+++ Available data
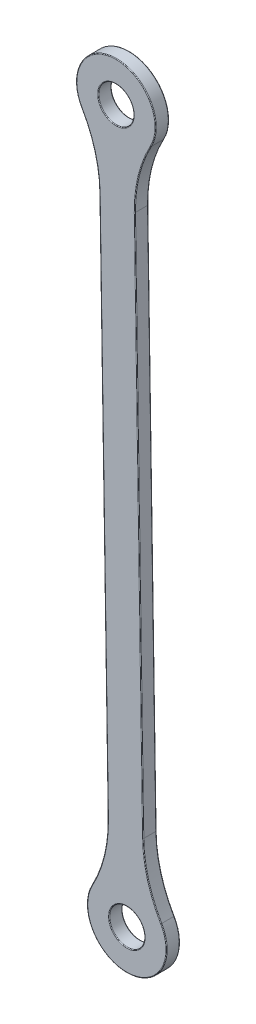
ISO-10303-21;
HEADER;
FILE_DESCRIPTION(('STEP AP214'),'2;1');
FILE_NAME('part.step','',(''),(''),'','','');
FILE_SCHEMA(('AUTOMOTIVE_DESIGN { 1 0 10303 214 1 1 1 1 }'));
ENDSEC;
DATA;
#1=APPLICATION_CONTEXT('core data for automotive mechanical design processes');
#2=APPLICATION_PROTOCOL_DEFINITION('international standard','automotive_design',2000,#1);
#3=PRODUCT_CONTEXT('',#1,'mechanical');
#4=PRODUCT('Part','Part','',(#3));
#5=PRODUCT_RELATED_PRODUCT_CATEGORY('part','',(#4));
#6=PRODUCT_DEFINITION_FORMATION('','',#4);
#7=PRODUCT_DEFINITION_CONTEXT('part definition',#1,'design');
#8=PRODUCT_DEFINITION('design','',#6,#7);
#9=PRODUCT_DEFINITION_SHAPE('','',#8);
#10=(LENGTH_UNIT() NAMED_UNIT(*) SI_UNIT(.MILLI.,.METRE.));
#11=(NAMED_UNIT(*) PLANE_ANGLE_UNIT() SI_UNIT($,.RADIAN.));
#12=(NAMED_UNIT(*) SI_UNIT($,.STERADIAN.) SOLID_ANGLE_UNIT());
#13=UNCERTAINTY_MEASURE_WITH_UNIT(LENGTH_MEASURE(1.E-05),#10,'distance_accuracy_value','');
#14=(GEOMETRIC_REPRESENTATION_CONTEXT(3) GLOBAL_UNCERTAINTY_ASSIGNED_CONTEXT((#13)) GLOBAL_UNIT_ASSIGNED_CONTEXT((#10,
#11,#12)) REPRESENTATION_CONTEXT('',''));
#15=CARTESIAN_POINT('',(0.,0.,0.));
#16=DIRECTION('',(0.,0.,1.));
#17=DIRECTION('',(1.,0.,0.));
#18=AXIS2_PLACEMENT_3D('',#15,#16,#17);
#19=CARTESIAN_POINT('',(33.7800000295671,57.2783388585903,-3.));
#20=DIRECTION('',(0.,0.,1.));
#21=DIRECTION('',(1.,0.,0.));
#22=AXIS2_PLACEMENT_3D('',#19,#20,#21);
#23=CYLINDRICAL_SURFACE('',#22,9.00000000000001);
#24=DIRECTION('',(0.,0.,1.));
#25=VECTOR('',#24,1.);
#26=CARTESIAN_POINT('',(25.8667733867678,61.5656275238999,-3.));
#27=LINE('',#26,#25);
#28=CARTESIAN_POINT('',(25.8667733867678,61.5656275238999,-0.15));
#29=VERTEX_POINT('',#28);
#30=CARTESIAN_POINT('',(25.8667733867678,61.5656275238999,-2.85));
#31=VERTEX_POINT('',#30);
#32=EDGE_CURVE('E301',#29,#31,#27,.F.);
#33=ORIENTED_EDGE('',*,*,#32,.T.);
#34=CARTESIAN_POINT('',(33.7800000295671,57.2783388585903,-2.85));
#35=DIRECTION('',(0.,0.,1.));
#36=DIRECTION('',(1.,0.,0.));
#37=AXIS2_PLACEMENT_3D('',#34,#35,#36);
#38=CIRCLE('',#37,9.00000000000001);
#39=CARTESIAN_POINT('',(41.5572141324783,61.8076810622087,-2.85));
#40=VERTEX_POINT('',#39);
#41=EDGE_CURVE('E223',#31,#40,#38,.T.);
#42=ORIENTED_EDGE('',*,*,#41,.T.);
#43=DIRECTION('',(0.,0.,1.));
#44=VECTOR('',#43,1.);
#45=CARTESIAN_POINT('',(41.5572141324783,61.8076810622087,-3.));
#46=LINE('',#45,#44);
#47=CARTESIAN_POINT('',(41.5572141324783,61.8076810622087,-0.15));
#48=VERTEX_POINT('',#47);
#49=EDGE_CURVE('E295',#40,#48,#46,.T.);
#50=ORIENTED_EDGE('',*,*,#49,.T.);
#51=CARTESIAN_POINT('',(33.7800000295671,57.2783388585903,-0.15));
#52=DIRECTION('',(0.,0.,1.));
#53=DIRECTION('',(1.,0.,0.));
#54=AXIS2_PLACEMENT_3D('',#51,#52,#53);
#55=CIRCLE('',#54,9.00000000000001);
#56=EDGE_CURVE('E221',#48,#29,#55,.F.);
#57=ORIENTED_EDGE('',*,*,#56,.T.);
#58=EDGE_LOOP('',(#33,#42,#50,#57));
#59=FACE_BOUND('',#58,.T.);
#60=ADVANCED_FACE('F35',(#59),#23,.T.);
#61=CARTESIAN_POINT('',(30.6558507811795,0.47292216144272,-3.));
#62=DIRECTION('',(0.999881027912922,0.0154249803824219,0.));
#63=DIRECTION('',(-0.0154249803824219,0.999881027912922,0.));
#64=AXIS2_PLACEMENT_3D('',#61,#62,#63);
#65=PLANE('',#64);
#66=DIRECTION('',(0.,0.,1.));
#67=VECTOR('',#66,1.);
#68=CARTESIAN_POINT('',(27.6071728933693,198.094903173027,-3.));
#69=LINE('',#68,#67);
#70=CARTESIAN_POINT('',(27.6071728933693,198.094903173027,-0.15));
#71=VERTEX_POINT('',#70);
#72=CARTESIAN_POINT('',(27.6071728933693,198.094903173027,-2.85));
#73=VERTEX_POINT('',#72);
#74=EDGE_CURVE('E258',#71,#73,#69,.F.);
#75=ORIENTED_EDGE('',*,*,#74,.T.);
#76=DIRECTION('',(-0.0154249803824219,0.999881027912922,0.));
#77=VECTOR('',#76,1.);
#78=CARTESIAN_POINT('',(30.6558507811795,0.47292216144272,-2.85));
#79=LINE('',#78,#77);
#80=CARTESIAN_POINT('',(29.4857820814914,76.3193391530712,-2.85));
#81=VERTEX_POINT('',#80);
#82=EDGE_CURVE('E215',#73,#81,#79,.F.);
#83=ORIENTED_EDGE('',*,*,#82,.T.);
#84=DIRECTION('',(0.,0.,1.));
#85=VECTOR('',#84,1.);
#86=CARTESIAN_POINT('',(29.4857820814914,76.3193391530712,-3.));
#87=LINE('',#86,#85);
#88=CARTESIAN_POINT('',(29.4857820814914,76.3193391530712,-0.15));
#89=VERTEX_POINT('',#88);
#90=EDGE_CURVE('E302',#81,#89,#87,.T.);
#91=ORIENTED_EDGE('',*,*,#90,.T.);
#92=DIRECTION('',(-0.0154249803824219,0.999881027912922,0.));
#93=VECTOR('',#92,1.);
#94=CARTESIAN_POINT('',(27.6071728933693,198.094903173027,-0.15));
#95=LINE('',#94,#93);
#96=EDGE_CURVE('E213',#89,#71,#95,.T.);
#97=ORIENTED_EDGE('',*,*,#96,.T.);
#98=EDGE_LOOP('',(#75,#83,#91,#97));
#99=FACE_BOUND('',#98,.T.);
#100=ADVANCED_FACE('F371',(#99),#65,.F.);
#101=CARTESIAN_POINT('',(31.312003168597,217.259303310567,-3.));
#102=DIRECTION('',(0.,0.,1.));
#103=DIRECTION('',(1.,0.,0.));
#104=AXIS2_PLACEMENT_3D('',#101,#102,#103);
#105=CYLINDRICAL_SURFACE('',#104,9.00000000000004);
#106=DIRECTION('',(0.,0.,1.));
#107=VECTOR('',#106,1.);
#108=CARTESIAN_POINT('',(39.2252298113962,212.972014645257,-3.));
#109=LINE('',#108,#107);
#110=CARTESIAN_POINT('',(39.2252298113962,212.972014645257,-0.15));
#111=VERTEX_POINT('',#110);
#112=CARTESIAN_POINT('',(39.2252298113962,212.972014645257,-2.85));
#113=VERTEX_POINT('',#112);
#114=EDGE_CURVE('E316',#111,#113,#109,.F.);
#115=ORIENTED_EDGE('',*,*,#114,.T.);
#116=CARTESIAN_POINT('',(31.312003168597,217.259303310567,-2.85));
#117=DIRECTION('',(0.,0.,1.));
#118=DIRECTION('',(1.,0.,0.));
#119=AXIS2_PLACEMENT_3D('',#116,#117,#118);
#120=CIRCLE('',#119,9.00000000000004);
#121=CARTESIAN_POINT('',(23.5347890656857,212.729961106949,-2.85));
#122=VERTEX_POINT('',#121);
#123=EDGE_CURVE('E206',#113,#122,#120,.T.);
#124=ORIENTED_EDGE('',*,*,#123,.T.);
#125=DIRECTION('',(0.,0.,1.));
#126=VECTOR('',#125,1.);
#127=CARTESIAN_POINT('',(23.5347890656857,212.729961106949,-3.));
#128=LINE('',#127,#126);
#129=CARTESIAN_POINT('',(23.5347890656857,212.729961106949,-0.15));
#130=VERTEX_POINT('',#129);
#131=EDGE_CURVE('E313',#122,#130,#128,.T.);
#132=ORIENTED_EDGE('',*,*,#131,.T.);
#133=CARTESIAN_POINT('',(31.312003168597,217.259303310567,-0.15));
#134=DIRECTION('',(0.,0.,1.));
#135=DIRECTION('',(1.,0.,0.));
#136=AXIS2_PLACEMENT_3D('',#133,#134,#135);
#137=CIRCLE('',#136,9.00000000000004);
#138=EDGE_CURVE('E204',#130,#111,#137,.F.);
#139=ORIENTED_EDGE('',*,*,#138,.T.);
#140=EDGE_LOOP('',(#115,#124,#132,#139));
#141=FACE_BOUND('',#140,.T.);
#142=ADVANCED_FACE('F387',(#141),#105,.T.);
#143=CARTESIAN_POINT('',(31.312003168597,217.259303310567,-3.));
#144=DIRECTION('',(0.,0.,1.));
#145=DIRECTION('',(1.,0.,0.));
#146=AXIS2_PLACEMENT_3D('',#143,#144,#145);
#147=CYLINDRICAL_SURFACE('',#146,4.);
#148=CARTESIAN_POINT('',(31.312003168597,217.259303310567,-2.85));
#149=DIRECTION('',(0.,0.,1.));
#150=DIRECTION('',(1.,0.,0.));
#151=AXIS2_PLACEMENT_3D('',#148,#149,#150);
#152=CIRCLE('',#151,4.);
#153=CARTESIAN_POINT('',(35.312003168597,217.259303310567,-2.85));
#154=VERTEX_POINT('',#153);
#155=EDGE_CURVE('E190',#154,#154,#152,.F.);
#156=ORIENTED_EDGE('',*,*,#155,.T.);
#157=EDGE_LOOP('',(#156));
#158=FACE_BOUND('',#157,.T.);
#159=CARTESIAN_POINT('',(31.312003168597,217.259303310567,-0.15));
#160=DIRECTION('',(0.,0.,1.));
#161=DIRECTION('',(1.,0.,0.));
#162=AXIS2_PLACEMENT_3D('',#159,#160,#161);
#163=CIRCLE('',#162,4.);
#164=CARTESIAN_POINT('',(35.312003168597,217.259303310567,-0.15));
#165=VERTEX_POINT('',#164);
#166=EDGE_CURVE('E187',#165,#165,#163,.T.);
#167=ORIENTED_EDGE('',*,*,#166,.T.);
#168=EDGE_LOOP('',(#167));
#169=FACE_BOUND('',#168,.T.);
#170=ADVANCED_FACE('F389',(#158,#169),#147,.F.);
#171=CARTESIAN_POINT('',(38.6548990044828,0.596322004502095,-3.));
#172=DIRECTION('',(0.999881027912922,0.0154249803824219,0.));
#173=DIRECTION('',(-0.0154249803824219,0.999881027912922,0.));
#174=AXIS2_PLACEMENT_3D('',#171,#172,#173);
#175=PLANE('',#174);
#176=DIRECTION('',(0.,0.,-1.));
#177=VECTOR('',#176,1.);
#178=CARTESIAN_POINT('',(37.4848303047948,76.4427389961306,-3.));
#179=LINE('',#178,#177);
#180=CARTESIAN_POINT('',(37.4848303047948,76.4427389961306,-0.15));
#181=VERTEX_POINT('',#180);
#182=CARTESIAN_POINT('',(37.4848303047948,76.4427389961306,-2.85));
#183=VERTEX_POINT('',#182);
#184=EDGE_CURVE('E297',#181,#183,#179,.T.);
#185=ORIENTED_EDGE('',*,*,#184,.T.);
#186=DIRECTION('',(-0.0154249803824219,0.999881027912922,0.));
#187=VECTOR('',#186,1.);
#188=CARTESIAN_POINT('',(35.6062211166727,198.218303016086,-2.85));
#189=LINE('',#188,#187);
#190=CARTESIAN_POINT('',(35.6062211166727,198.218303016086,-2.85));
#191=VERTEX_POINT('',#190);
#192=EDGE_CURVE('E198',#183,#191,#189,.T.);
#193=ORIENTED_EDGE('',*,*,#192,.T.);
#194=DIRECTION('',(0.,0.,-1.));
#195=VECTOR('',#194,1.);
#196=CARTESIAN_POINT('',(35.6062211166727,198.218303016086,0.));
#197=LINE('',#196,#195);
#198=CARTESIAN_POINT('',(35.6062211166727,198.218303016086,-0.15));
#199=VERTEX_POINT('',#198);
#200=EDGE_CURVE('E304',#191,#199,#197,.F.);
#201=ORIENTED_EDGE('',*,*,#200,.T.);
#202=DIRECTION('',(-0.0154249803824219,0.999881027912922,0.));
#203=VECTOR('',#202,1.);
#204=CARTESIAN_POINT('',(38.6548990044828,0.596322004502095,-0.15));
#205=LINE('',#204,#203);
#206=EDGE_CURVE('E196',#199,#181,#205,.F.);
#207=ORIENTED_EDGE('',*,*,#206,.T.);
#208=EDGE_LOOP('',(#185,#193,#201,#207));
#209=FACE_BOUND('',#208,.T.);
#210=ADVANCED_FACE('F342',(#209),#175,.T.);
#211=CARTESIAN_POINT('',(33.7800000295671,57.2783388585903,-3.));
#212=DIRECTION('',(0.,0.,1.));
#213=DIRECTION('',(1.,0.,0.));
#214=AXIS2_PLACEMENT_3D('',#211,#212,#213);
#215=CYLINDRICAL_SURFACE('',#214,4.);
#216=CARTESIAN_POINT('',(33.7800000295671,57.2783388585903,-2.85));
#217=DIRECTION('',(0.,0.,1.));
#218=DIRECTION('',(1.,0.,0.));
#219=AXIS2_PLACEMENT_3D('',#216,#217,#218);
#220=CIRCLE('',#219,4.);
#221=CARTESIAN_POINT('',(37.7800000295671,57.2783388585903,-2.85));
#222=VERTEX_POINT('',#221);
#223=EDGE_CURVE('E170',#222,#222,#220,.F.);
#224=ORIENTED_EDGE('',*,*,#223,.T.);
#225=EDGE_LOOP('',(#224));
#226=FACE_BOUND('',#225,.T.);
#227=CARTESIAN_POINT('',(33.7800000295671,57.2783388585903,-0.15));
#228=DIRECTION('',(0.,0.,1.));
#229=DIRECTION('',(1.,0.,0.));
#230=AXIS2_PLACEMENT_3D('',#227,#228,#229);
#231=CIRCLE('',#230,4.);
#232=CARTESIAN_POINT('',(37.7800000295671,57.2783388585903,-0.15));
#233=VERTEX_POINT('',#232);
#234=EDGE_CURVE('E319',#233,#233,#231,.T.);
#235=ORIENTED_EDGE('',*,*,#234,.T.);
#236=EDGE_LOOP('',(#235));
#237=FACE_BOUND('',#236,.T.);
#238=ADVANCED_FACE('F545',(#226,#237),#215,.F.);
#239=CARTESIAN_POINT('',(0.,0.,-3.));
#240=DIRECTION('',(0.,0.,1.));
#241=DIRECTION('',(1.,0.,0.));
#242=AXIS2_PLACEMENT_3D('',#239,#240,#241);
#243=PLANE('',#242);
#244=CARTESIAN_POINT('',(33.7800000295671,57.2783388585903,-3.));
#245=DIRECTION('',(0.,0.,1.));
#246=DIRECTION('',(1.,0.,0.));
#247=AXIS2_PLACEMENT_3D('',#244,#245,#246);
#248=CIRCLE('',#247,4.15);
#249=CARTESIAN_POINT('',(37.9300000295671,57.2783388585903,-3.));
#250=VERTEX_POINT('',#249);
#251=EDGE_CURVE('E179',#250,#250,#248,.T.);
++++++
§ Required action
Precisely the lines between those holding "#6=PRODUCT_DEFINITION_FORMATION('','',#4);" and "#12=(NAMED_UNIT(*) SI_UNIT($,.STERADIAN.) SOLID_ANGLE_UNIT());", inclusive, are to be reproduced from the listing above, with nothing added.

§ Task response
#6=PRODUCT_DEFINITION_FORMATION('','',#4);
#7=PRODUCT_DEFINITION_CONTEXT('part definition',#1,'design');
#8=PRODUCT_DEFINITION('design','',#6,#7);
#9=PRODUCT_DEFINITION_SHAPE('','',#8);
#10=(LENGTH_UNIT() NAMED_UNIT(*) SI_UNIT(.MILLI.,.METRE.));
#11=(NAMED_UNIT(*) PLANE_ANGLE_UNIT() SI_UNIT($,.RADIAN.));
#12=(NAMED_UNIT(*) SI_UNIT($,.STERADIAN.) SOLID_ANGLE_UNIT());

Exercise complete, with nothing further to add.